**WORK ORDER:** Up to and including the line that contains "1. tissue electromagnetics;", write out each line of the material from its first line, exactly.

**GIVEN RECORDS:**
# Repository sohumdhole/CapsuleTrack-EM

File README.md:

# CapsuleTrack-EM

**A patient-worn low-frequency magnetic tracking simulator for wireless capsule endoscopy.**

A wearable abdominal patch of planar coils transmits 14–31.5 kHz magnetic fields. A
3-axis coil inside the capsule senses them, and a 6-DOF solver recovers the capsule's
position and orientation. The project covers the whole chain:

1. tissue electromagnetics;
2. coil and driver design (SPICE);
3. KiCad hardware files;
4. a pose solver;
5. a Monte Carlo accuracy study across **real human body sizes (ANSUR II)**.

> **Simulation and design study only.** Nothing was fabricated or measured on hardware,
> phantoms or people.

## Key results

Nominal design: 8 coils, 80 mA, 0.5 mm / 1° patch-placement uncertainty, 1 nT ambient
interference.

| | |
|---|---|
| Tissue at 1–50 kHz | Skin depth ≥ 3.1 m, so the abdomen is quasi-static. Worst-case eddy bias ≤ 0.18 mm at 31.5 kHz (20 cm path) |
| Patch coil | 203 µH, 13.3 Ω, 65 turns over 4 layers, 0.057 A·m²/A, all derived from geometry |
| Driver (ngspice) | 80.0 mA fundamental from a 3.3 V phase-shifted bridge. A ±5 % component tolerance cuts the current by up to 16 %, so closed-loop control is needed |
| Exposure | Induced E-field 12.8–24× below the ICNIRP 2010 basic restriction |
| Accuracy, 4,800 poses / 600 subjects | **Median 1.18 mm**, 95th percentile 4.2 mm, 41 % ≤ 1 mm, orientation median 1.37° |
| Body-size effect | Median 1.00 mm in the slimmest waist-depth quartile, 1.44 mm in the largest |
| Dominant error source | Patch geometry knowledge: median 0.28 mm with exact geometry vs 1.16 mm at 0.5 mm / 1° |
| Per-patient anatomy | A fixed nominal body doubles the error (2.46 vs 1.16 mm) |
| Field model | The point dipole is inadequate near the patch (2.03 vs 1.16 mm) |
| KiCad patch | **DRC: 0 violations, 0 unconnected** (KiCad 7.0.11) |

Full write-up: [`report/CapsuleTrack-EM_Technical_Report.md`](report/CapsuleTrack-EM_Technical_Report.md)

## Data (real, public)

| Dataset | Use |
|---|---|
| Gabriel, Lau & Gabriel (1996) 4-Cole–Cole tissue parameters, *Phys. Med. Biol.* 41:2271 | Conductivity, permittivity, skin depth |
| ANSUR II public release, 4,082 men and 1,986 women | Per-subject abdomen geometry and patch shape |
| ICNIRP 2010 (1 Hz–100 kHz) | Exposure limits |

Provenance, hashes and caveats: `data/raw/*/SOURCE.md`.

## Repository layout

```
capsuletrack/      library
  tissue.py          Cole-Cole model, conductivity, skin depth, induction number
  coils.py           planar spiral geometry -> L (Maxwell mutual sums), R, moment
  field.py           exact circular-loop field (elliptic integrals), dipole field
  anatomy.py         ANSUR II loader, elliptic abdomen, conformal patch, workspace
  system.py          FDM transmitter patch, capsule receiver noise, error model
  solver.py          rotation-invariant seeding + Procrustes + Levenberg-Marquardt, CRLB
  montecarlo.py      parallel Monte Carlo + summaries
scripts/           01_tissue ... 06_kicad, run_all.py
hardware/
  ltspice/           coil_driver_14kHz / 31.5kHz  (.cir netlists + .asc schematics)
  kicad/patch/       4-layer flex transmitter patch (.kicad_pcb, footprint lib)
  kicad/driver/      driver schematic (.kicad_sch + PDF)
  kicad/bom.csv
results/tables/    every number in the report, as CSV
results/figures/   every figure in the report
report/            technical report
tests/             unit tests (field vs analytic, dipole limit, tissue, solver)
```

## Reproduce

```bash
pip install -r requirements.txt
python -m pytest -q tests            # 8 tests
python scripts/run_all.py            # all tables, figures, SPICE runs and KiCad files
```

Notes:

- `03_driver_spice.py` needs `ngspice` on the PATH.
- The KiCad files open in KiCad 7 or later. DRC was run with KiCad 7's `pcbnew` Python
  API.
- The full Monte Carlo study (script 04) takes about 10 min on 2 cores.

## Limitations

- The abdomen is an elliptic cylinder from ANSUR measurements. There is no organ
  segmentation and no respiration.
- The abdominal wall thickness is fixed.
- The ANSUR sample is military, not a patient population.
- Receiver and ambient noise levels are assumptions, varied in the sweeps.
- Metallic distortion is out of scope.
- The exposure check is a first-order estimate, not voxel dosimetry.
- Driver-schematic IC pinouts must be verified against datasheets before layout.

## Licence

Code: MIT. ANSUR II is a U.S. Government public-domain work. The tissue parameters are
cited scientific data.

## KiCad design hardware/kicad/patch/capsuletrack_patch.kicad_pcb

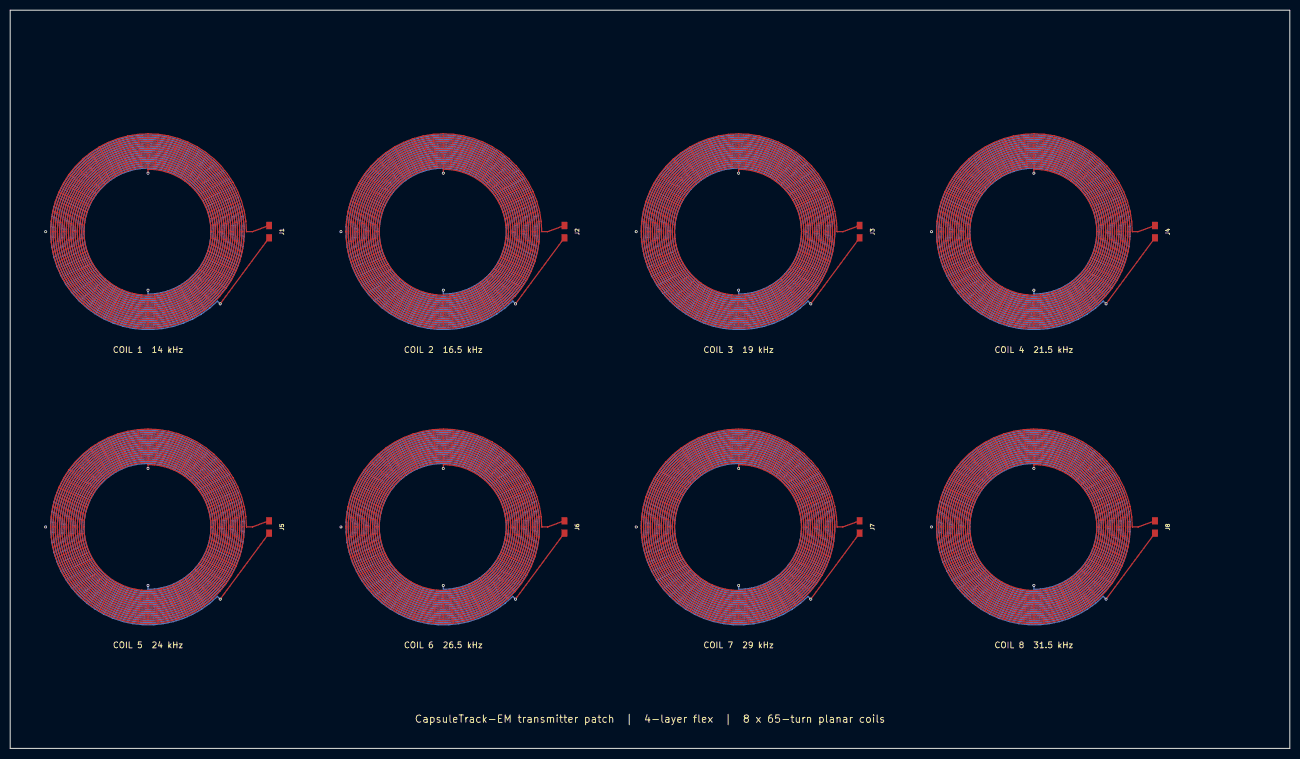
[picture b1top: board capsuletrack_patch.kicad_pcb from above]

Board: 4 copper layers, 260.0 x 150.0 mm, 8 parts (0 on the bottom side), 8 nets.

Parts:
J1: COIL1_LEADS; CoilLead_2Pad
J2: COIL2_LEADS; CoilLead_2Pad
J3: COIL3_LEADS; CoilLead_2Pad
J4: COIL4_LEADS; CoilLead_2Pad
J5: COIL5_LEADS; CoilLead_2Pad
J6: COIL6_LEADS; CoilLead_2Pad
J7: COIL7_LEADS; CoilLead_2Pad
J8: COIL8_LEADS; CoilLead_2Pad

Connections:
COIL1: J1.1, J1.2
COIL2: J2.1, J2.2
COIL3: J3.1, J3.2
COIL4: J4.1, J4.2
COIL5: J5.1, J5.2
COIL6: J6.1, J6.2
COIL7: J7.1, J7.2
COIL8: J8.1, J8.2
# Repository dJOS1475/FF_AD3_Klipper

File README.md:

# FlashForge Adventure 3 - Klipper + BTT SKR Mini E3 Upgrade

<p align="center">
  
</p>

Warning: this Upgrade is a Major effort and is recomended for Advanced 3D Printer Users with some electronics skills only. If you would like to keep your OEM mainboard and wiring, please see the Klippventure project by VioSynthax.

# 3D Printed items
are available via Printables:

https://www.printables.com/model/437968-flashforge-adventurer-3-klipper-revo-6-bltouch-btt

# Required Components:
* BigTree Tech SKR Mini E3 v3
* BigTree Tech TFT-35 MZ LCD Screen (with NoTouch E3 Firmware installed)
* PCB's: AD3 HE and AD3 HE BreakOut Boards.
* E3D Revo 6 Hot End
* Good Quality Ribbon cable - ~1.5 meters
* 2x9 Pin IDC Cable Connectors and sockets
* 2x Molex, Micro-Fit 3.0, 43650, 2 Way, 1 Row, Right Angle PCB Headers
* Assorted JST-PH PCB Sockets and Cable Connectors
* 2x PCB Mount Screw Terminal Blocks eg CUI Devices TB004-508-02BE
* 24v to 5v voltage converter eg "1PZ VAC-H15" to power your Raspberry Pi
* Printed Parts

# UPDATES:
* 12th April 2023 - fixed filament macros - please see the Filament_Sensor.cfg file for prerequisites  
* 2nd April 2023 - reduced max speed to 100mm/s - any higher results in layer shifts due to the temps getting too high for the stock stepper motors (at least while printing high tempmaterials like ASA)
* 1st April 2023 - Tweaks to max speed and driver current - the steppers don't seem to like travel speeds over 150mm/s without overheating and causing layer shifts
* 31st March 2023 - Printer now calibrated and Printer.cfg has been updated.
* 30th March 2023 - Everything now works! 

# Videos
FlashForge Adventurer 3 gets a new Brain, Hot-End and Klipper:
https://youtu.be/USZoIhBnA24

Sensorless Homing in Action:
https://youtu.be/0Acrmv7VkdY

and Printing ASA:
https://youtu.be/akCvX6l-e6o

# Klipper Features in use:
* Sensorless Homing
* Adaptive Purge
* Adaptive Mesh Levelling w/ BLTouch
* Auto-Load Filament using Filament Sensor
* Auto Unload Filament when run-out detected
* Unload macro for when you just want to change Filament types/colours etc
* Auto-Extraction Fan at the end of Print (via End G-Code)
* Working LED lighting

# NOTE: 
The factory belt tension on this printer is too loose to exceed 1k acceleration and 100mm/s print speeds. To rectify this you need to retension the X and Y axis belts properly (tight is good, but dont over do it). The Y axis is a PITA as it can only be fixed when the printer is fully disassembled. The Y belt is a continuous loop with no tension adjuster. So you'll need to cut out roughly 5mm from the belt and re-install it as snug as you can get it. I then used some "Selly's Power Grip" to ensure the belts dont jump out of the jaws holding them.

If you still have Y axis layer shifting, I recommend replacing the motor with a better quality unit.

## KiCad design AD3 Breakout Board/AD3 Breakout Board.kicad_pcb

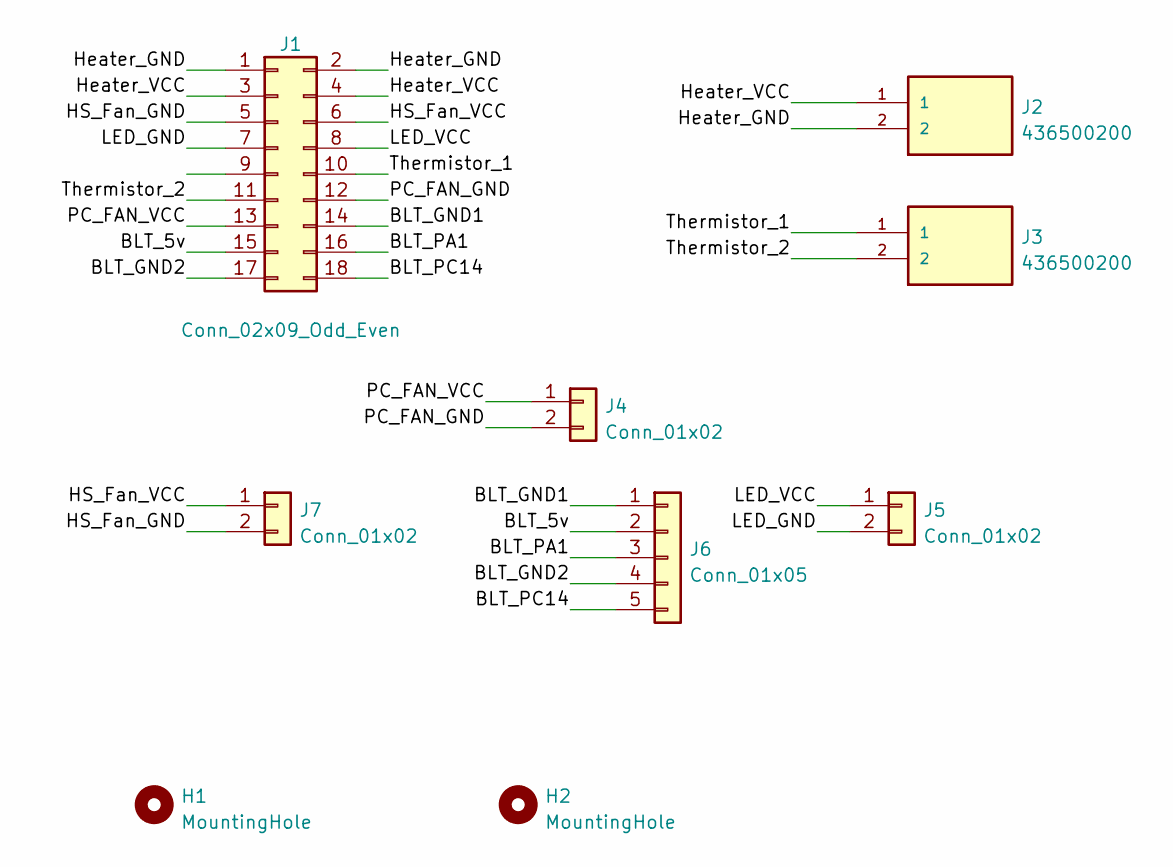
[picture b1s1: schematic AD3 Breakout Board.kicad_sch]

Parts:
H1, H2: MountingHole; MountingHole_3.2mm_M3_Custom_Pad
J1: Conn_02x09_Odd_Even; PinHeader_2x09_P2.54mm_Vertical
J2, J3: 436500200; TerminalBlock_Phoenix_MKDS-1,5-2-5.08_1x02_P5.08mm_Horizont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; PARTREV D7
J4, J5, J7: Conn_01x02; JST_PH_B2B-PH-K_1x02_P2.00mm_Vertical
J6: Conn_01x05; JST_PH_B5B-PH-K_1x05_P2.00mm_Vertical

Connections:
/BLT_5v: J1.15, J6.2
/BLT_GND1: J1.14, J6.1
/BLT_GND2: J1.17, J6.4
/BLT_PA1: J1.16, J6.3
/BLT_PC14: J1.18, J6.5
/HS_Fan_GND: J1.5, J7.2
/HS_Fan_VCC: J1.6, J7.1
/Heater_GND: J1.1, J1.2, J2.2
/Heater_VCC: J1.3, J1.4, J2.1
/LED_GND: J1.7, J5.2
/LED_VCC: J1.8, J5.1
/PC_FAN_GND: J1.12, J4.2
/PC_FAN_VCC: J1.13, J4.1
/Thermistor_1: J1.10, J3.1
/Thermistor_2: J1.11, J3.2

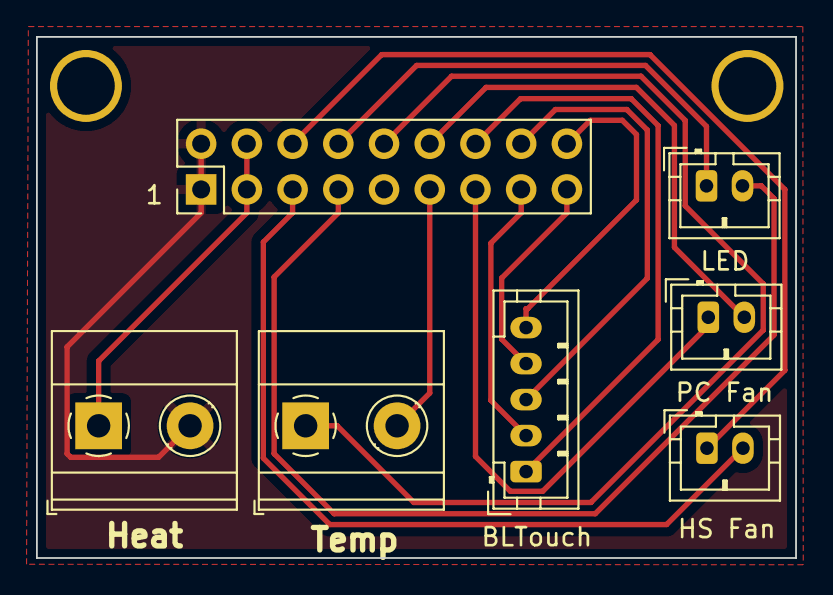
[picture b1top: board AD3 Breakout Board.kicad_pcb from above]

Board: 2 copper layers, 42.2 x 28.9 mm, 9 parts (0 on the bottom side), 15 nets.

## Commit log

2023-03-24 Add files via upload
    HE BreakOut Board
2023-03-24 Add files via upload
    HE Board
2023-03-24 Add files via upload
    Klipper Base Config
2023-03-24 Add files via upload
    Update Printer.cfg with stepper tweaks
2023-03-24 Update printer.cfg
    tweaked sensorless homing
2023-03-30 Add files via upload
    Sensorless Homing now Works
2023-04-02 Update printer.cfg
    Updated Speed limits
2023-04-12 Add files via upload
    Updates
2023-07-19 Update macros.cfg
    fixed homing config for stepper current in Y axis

**OUTPUT FOR THIS EXERCISE:**
# Repository sohumdhole/CapsuleTrack-EM

File README.md:

# CapsuleTrack-EM

**A patient-worn low-frequency magnetic tracking simulator for wireless capsule endoscopy.**

A wearable abdominal patch of planar coils transmits 14–31.5 kHz magnetic fields. A
3-axis coil inside the capsule senses them, and a 6-DOF solver recovers the capsule's
position and orientation. The project covers the whole chain:

1. tissue electromagnetics;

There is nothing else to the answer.